### WHAT THE TASK REQUIRES
A line belongs in the answer if it contains "page"; copy every such line from the entries below.

### DATA SHOWN
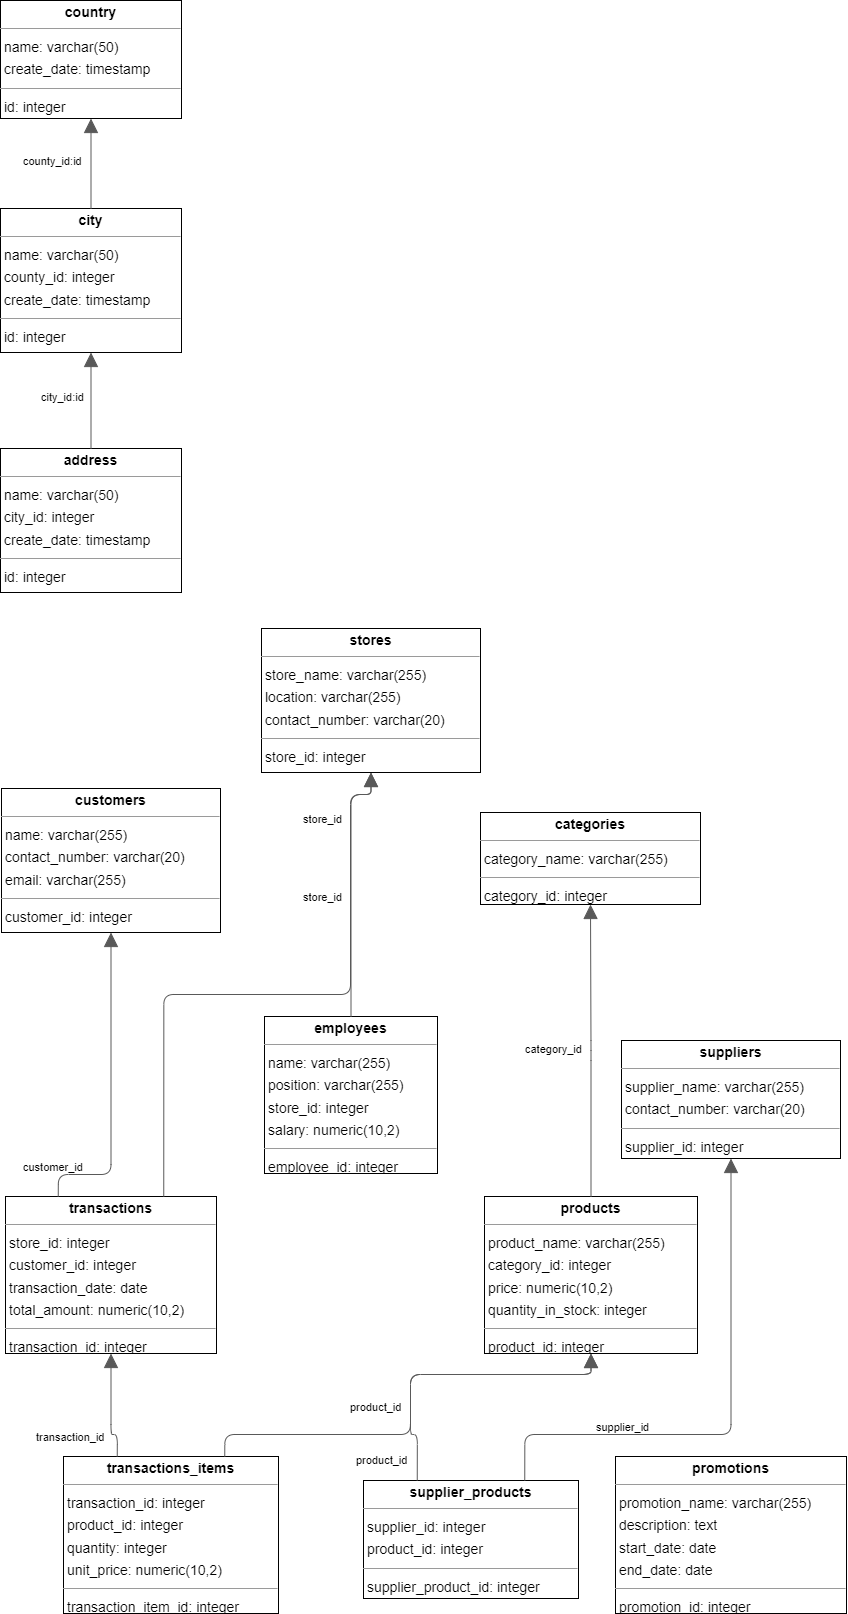

The diagram above was exported from draw.io. Its source (the exported page's mxGraphModel, read from the mxfile embedded in the PNG):
<mxGraphModel dx="2150" dy="1328" grid="1" gridSize="10" guides="1" tooltips="1" connect="1" arrows="1" fold="1" page="0" pageScale="1" pageWidth="850" pageHeight="1100" background="none" math="0" shadow="0">
  <root>
    <mxCell id="0" />
    <mxCell id="1" parent="0" />
    <mxCell id="node6" value="&lt;p style=&quot;margin:0px;margin-top:4px;text-align:center;&quot;&gt;&lt;b&gt;address&lt;/b&gt;&lt;/p&gt;&lt;hr size=&quot;1&quot;/&gt;&lt;p style=&quot;margin:0 0 0 4px;line-height:1.6;&quot;&gt; name: varchar(50)&lt;br/&gt; city_id: integer&lt;br/&gt; create_date: timestamp&lt;/p&gt;&lt;hr size=&quot;1&quot;/&gt;&lt;p style=&quot;margin:0 0 0 4px;line-height:1.6;&quot;&gt; id: integer&lt;/p&gt;" style="verticalAlign=top;align=left;overflow=fill;fontSize=14;fontFamily=Helvetica;html=1;rounded=0;shadow=0;comic=0;labelBackgroundColor=none;strokeWidth=1;" parent="1" vertex="1">
      <mxGeometry x="-115" y="370" width="181" height="144" as="geometry" />
    </mxCell>
    <mxCell id="node0" value="&lt;p style=&quot;margin:0px;margin-top:4px;text-align:center;&quot;&gt;&lt;b&gt;categories&lt;/b&gt;&lt;/p&gt;&lt;hr size=&quot;1&quot;/&gt;&lt;p style=&quot;margin:0 0 0 4px;line-height:1.6;&quot;&gt; category_name: varchar(255)&lt;/p&gt;&lt;hr size=&quot;1&quot;/&gt;&lt;p style=&quot;margin:0 0 0 4px;line-height:1.6;&quot;&gt; category_id: integer&lt;/p&gt;" style="verticalAlign=top;align=left;overflow=fill;fontSize=14;fontFamily=Helvetica;html=1;rounded=0;shadow=0;comic=0;labelBackgroundColor=none;strokeWidth=1;" parent="1" vertex="1">
      <mxGeometry x="365" y="734" width="220" height="92" as="geometry" />
    </mxCell>
    <mxCell id="node8" value="&lt;p style=&quot;margin:0px;margin-top:4px;text-align:center;&quot;&gt;&lt;b&gt;city&lt;/b&gt;&lt;/p&gt;&lt;hr size=&quot;1&quot;/&gt;&lt;p style=&quot;margin:0 0 0 4px;line-height:1.6;&quot;&gt; name: varchar(50)&lt;br/&gt; county_id: integer&lt;br/&gt; create_date: timestamp&lt;/p&gt;&lt;hr size=&quot;1&quot;/&gt;&lt;p style=&quot;margin:0 0 0 4px;line-height:1.6;&quot;&gt; id: integer&lt;/p&gt;" style="verticalAlign=top;align=left;overflow=fill;fontSize=14;fontFamily=Helvetica;html=1;rounded=0;shadow=0;comic=0;labelBackgroundColor=none;strokeWidth=1;" parent="1" vertex="1">
      <mxGeometry x="-115" y="130" width="181" height="144" as="geometry" />
    </mxCell>
    <mxCell id="node4" value="&lt;p style=&quot;margin:0px;margin-top:4px;text-align:center;&quot;&gt;&lt;b&gt;country&lt;/b&gt;&lt;/p&gt;&lt;hr size=&quot;1&quot;/&gt;&lt;p style=&quot;margin:0 0 0 4px;line-height:1.6;&quot;&gt; name: varchar(50)&lt;br/&gt; create_date: timestamp&lt;/p&gt;&lt;hr size=&quot;1&quot;/&gt;&lt;p style=&quot;margin:0 0 0 4px;line-height:1.6;&quot;&gt; id: integer&lt;/p&gt;" style="verticalAlign=top;align=left;overflow=fill;fontSize=14;fontFamily=Helvetica;html=1;rounded=0;shadow=0;comic=0;labelBackgroundColor=none;strokeWidth=1;" parent="1" vertex="1">
      <mxGeometry x="-115" y="-78" width="181" height="118" as="geometry" />
    </mxCell>
    <mxCell id="node11" value="&lt;p style=&quot;margin:0px;margin-top:4px;text-align:center;&quot;&gt;&lt;b&gt;customers&lt;/b&gt;&lt;/p&gt;&lt;hr size=&quot;1&quot;/&gt;&lt;p style=&quot;margin:0 0 0 4px;line-height:1.6;&quot;&gt; name: varchar(255)&lt;br/&gt; contact_number: varchar(20)&lt;br/&gt; email: varchar(255)&lt;/p&gt;&lt;hr size=&quot;1&quot;/&gt;&lt;p style=&quot;margin:0 0 0 4px;line-height:1.6;&quot;&gt; customer_id: integer&lt;/p&gt;" style="verticalAlign=top;align=left;overflow=fill;fontSize=14;fontFamily=Helvetica;html=1;rounded=0;shadow=0;comic=0;labelBackgroundColor=none;strokeWidth=1;" parent="1" vertex="1">
      <mxGeometry x="-114" y="710" width="219" height="144" as="geometry" />
    </mxCell>
    <mxCell id="node2" value="&lt;p style=&quot;margin:0px;margin-top:4px;text-align:center;&quot;&gt;&lt;b&gt;employees&lt;/b&gt;&lt;/p&gt;&lt;hr size=&quot;1&quot;/&gt;&lt;p style=&quot;margin:0 0 0 4px;line-height:1.6;&quot;&gt; name: varchar(255)&lt;br/&gt; position: varchar(255)&lt;br/&gt; store_id: integer&lt;br/&gt; salary: numeric(10,2)&lt;/p&gt;&lt;hr size=&quot;1&quot;/&gt;&lt;p style=&quot;margin:0 0 0 4px;line-height:1.6;&quot;&gt; employee_id: integer&lt;/p&gt;" style="verticalAlign=top;align=left;overflow=fill;fontSize=14;fontFamily=Helvetica;html=1;rounded=0;shadow=0;comic=0;labelBackgroundColor=none;strokeWidth=1;" parent="1" vertex="1">
      <mxGeometry x="149" y="938" width="173" height="157" as="geometry" />
    </mxCell>
    <mxCell id="node3" value="&lt;p style=&quot;margin:0px;margin-top:4px;text-align:center;&quot;&gt;&lt;b&gt;products&lt;/b&gt;&lt;/p&gt;&lt;hr size=&quot;1&quot;/&gt;&lt;p style=&quot;margin:0 0 0 4px;line-height:1.6;&quot;&gt; product_name: varchar(255)&lt;br/&gt; category_id: integer&lt;br/&gt; price: numeric(10,2)&lt;br/&gt; quantity_in_stock: integer&lt;/p&gt;&lt;hr size=&quot;1&quot;/&gt;&lt;p style=&quot;margin:0 0 0 4px;line-height:1.6;&quot;&gt; product_id: integer&lt;/p&gt;" style="verticalAlign=top;align=left;overflow=fill;fontSize=14;fontFamily=Helvetica;html=1;rounded=0;shadow=0;comic=0;labelBackgroundColor=none;strokeWidth=1;" parent="1" vertex="1">
      <mxGeometry x="369" y="1118" width="213" height="157" as="geometry" />
    </mxCell>
    <mxCell id="node5" value="&lt;p style=&quot;margin:0px;margin-top:4px;text-align:center;&quot;&gt;&lt;b&gt;promotions&lt;/b&gt;&lt;/p&gt;&lt;hr size=&quot;1&quot;/&gt;&lt;p style=&quot;margin:0 0 0 4px;line-height:1.6;&quot;&gt; promotion_name: varchar(255)&lt;br/&gt; description: text&lt;br/&gt; start_date: date&lt;br/&gt; end_date: date&lt;/p&gt;&lt;hr size=&quot;1&quot;/&gt;&lt;p style=&quot;margin:0 0 0 4px;line-height:1.6;&quot;&gt; promotion_id: integer&lt;/p&gt;" style="verticalAlign=top;align=left;overflow=fill;fontSize=14;fontFamily=Helvetica;html=1;rounded=0;shadow=0;comic=0;labelBackgroundColor=none;strokeWidth=1;" parent="1" vertex="1">
      <mxGeometry x="500" y="1378" width="231" height="157" as="geometry" />
    </mxCell>
    <mxCell id="node1" value="&lt;p style=&quot;margin:0px;margin-top:4px;text-align:center;&quot;&gt;&lt;b&gt;stores&lt;/b&gt;&lt;/p&gt;&lt;hr size=&quot;1&quot;/&gt;&lt;p style=&quot;margin:0 0 0 4px;line-height:1.6;&quot;&gt; store_name: varchar(255)&lt;br/&gt; location: varchar(255)&lt;br/&gt; contact_number: varchar(20)&lt;/p&gt;&lt;hr size=&quot;1&quot;/&gt;&lt;p style=&quot;margin:0 0 0 4px;line-height:1.6;&quot;&gt; store_id: integer&lt;/p&gt;" style="verticalAlign=top;align=left;overflow=fill;fontSize=14;fontFamily=Helvetica;html=1;rounded=0;shadow=0;comic=0;labelBackgroundColor=none;strokeWidth=1;" parent="1" vertex="1">
      <mxGeometry x="146" y="550" width="219" height="144" as="geometry" />
    </mxCell>
    <mxCell id="node10" value="&lt;p style=&quot;margin:0px;margin-top:4px;text-align:center;&quot;&gt;&lt;b&gt;supplier_products&lt;/b&gt;&lt;/p&gt;&lt;hr size=&quot;1&quot;/&gt;&lt;p style=&quot;margin:0 0 0 4px;line-height:1.6;&quot;&gt; supplier_id: integer&lt;br/&gt; product_id: integer&lt;/p&gt;&lt;hr size=&quot;1&quot;/&gt;&lt;p style=&quot;margin:0 0 0 4px;line-height:1.6;&quot;&gt; supplier_product_id: integer&lt;/p&gt;" style="verticalAlign=top;align=left;overflow=fill;fontSize=14;fontFamily=Helvetica;html=1;rounded=0;shadow=0;comic=0;labelBackgroundColor=none;strokeWidth=1;" parent="1" vertex="1">
      <mxGeometry x="248" y="1402" width="215" height="118" as="geometry" />
    </mxCell>
    <mxCell id="node12" value="&lt;p style=&quot;margin:0px;margin-top:4px;text-align:center;&quot;&gt;&lt;b&gt;suppliers&lt;/b&gt;&lt;/p&gt;&lt;hr size=&quot;1&quot;/&gt;&lt;p style=&quot;margin:0 0 0 4px;line-height:1.6;&quot;&gt; supplier_name: varchar(255)&lt;br/&gt; contact_number: varchar(20)&lt;/p&gt;&lt;hr size=&quot;1&quot;/&gt;&lt;p style=&quot;margin:0 0 0 4px;line-height:1.6;&quot;&gt; supplier_id: integer&lt;/p&gt;" style="verticalAlign=top;align=left;overflow=fill;fontSize=14;fontFamily=Helvetica;html=1;rounded=0;shadow=0;comic=0;labelBackgroundColor=none;strokeWidth=1;" parent="1" vertex="1">
      <mxGeometry x="506" y="962" width="219" height="118" as="geometry" />
    </mxCell>
    <mxCell id="node7" value="&lt;p style=&quot;margin:0px;margin-top:4px;text-align:center;&quot;&gt;&lt;b&gt;transactions&lt;/b&gt;&lt;/p&gt;&lt;hr size=&quot;1&quot;/&gt;&lt;p style=&quot;margin:0 0 0 4px;line-height:1.6;&quot;&gt; store_id: integer&lt;br/&gt; customer_id: integer&lt;br/&gt; transaction_date: date&lt;br/&gt; total_amount: numeric(10,2)&lt;/p&gt;&lt;hr size=&quot;1&quot;/&gt;&lt;p style=&quot;margin:0 0 0 4px;line-height:1.6;&quot;&gt; transaction_id: integer&lt;/p&gt;" style="verticalAlign=top;align=left;overflow=fill;fontSize=14;fontFamily=Helvetica;html=1;rounded=0;shadow=0;comic=0;labelBackgroundColor=none;strokeWidth=1;" parent="1" vertex="1">
      <mxGeometry x="-110" y="1118" width="211" height="157" as="geometry" />
    </mxCell>
    <mxCell id="node9" value="&lt;p style=&quot;margin:0px;margin-top:4px;text-align:center;&quot;&gt;&lt;b&gt;transactions_items&lt;/b&gt;&lt;/p&gt;&lt;hr size=&quot;1&quot;/&gt;&lt;p style=&quot;margin:0 0 0 4px;line-height:1.6;&quot;&gt; transaction_id: integer&lt;br/&gt; product_id: integer&lt;br/&gt; quantity: integer&lt;br/&gt; unit_price: numeric(10,2)&lt;/p&gt;&lt;hr size=&quot;1&quot;/&gt;&lt;p style=&quot;margin:0 0 0 4px;line-height:1.6;&quot;&gt; transaction_item_id: integer&lt;/p&gt;" style="verticalAlign=top;align=left;overflow=fill;fontSize=14;fontFamily=Helvetica;html=1;rounded=0;shadow=0;comic=0;labelBackgroundColor=none;strokeWidth=1;" parent="1" vertex="1">
      <mxGeometry x="-52" y="1378" width="215" height="157" as="geometry" />
    </mxCell>
    <mxCell id="edge3" value="" style="html=1;rounded=1;edgeStyle=orthogonalEdgeStyle;dashed=0;startArrow=none;endArrow=block;endSize=12;strokeColor=#595959;exitX=0.500;exitY=0.000;exitDx=0;exitDy=0;entryX=0.500;entryY=1.000;entryDx=0;entryDy=0;" parent="1" source="node6" target="node8" edge="1">
      <mxGeometry width="50" height="50" relative="1" as="geometry">
        <Array as="points" />
      </mxGeometry>
    </mxCell>
    <mxCell id="label20" value="city_id:id" style="edgeLabel;resizable=0;html=1;align=left;verticalAlign=top;strokeColor=default;" parent="edge3" vertex="1" connectable="0">
      <mxGeometry x="-76" y="306" as="geometry" />
    </mxCell>
    <mxCell id="edge8" value="" style="html=1;rounded=1;edgeStyle=orthogonalEdgeStyle;dashed=0;startArrow=none;endArrow=block;endSize=12;strokeColor=#595959;exitX=0.500;exitY=0.000;exitDx=0;exitDy=0;entryX=0.500;entryY=1.000;entryDx=0;entryDy=0;" parent="1" source="node8" target="node4" edge="1">
      <mxGeometry width="50" height="50" relative="1" as="geometry">
        <Array as="points" />
      </mxGeometry>
    </mxCell>
    <mxCell id="label50" value="county_id:id" style="edgeLabel;resizable=0;html=1;align=left;verticalAlign=top;strokeColor=default;" parent="edge8" vertex="1" connectable="0">
      <mxGeometry x="-94" y="70" as="geometry" />
    </mxCell>
    <mxCell id="edge7" value="" style="html=1;rounded=1;edgeStyle=orthogonalEdgeStyle;dashed=0;startArrow=none;endArrow=block;endSize=12;strokeColor=#595959;exitX=0.500;exitY=0.000;exitDx=0;exitDy=0;entryX=0.500;entryY=1.000;entryDx=0;entryDy=0;" parent="1" source="node2" target="node1" edge="1">
      <mxGeometry width="50" height="50" relative="1" as="geometry">
        <Array as="points">
          <mxPoint x="235" y="716" />
          <mxPoint x="255" y="716" />
        </Array>
      </mxGeometry>
    </mxCell>
    <mxCell id="label44" value="store_id" style="edgeLabel;resizable=0;html=1;align=left;verticalAlign=top;strokeColor=default;" parent="edge7" vertex="1" connectable="0">
      <mxGeometry x="186" y="728" as="geometry" />
    </mxCell>
    <mxCell id="edge5" value="" style="html=1;rounded=1;edgeStyle=orthogonalEdgeStyle;dashed=0;startArrow=none;endArrow=block;endSize=12;strokeColor=#595959;exitX=0.500;exitY=0.000;exitDx=0;exitDy=0;entryX=0.500;entryY=1.000;entryDx=0;entryDy=0;" parent="1" source="node3" target="node0" edge="1">
      <mxGeometry width="50" height="50" relative="1" as="geometry">
        <Array as="points" />
      </mxGeometry>
    </mxCell>
    <mxCell id="label32" value="category_id" style="edgeLabel;resizable=0;html=1;align=left;verticalAlign=top;strokeColor=default;" parent="edge5" vertex="1" connectable="0">
      <mxGeometry x="408" y="958" as="geometry" />
    </mxCell>
    <mxCell id="edge4" value="" style="html=1;rounded=1;edgeStyle=orthogonalEdgeStyle;dashed=0;startArrow=none;endArrow=block;endSize=12;strokeColor=#595959;exitX=0.250;exitY=0.000;exitDx=0;exitDy=0;entryX=0.500;entryY=1.000;entryDx=0;entryDy=0;" parent="1" source="node10" target="node3" edge="1">
      <mxGeometry width="50" height="50" relative="1" as="geometry">
        <Array as="points">
          <mxPoint x="301" y="1356" />
          <mxPoint x="295" y="1356" />
          <mxPoint x="295" y="1296" />
          <mxPoint x="475" y="1296" />
        </Array>
      </mxGeometry>
    </mxCell>
    <mxCell id="label26" value="product_id" style="edgeLabel;resizable=0;html=1;align=left;verticalAlign=top;strokeColor=default;" parent="edge4" vertex="1" connectable="0">
      <mxGeometry x="239" y="1369" as="geometry" />
    </mxCell>
    <mxCell id="edge9" value="" style="html=1;rounded=1;edgeStyle=orthogonalEdgeStyle;dashed=0;startArrow=none;endArrow=block;endSize=12;strokeColor=#595959;exitX=0.750;exitY=0.000;exitDx=0;exitDy=0;entryX=0.500;entryY=1.000;entryDx=0;entryDy=0;" parent="1" source="node10" target="node12" edge="1">
      <mxGeometry width="50" height="50" relative="1" as="geometry">
        <Array as="points">
          <mxPoint x="409" y="1356" />
          <mxPoint x="615" y="1356" />
        </Array>
      </mxGeometry>
    </mxCell>
    <mxCell id="label56" value="supplier_id" style="edgeLabel;resizable=0;html=1;align=left;verticalAlign=top;strokeColor=default;" parent="edge9" vertex="1" connectable="0">
      <mxGeometry x="479" y="1336" as="geometry" />
    </mxCell>
    <mxCell id="edge0" value="" style="html=1;rounded=1;edgeStyle=orthogonalEdgeStyle;dashed=0;startArrow=none;endArrow=block;endSize=12;strokeColor=#595959;exitX=0.250;exitY=0.000;exitDx=0;exitDy=0;entryX=0.500;entryY=1.000;entryDx=0;entryDy=0;" parent="1" source="node7" target="node11" edge="1">
      <mxGeometry width="50" height="50" relative="1" as="geometry">
        <Array as="points">
          <mxPoint x="-58" y="1096" />
          <mxPoint x="-5" y="1096" />
        </Array>
      </mxGeometry>
    </mxCell>
    <mxCell id="label2" value="customer_id" style="edgeLabel;resizable=0;html=1;align=left;verticalAlign=top;strokeColor=default;" parent="edge0" vertex="1" connectable="0">
      <mxGeometry x="-94" y="1076" as="geometry" />
    </mxCell>
    <mxCell id="edge6" value="" style="html=1;rounded=1;edgeStyle=orthogonalEdgeStyle;dashed=0;startArrow=none;endArrow=block;endSize=12;strokeColor=#595959;exitX=0.750;exitY=0.000;exitDx=0;exitDy=0;entryX=0.500;entryY=1.000;entryDx=0;entryDy=0;" parent="1" source="node7" target="node1" edge="1">
      <mxGeometry width="50" height="50" relative="1" as="geometry">
        <Array as="points">
          <mxPoint x="48" y="916" />
          <mxPoint x="235" y="916" />
          <mxPoint x="235" y="716" />
          <mxPoint x="255" y="716" />
        </Array>
      </mxGeometry>
    </mxCell>
    <mxCell id="label38" value="store_id" style="edgeLabel;resizable=0;html=1;align=left;verticalAlign=top;strokeColor=default;" parent="edge6" vertex="1" connectable="0">
      <mxGeometry x="186" y="806" as="geometry" />
    </mxCell>
    <mxCell id="edge2" value="" style="html=1;rounded=1;edgeStyle=orthogonalEdgeStyle;dashed=0;startArrow=none;endArrow=block;endSize=12;strokeColor=#595959;exitX=0.750;exitY=0.000;exitDx=0;exitDy=0;entryX=0.500;entryY=1.000;entryDx=0;entryDy=0;" parent="1" source="node9" target="node3" edge="1">
      <mxGeometry width="50" height="50" relative="1" as="geometry">
        <Array as="points">
          <mxPoint x="109" y="1356" />
          <mxPoint x="295" y="1356" />
          <mxPoint x="295" y="1296" />
          <mxPoint x="475" y="1296" />
        </Array>
      </mxGeometry>
    </mxCell>
    <mxCell id="label14" value="product_id" style="edgeLabel;resizable=0;html=1;align=left;verticalAlign=top;strokeColor=default;" parent="edge2" vertex="1" connectable="0">
      <mxGeometry x="233" y="1316" as="geometry" />
    </mxCell>
    <mxCell id="edge1" value="" style="html=1;rounded=1;edgeStyle=orthogonalEdgeStyle;dashed=0;startArrow=none;endArrow=block;endSize=12;strokeColor=#595959;exitX=0.250;exitY=0.000;exitDx=0;exitDy=0;entryX=0.500;entryY=1.000;entryDx=0;entryDy=0;" parent="1" source="node9" target="node7" edge="1">
      <mxGeometry width="50" height="50" relative="1" as="geometry">
        <Array as="points">
          <mxPoint x="1" y="1356" />
          <mxPoint x="-5" y="1356" />
        </Array>
      </mxGeometry>
    </mxCell>
    <mxCell id="label8" value="transaction_id" style="edgeLabel;resizable=0;html=1;align=left;verticalAlign=top;strokeColor=default;" parent="edge1" vertex="1" connectable="0">
      <mxGeometry x="-81" y="1346" as="geometry" />
    </mxCell>
  </root>
</mxGraphModel>

### THE COMPLETED TASK
The diagram above was exported from draw.io. Its source (the exported page's mxGraphModel, read from the mxfile embedded in the PNG):
<mxGraphModel dx="2150" dy="1328" grid="1" gridSize="10" guides="1" tooltips="1" connect="1" arrows="1" fold="1" page="0" pageScale="1" pageWidth="850" pageHeight="1100" background="none" math="0" shadow="0">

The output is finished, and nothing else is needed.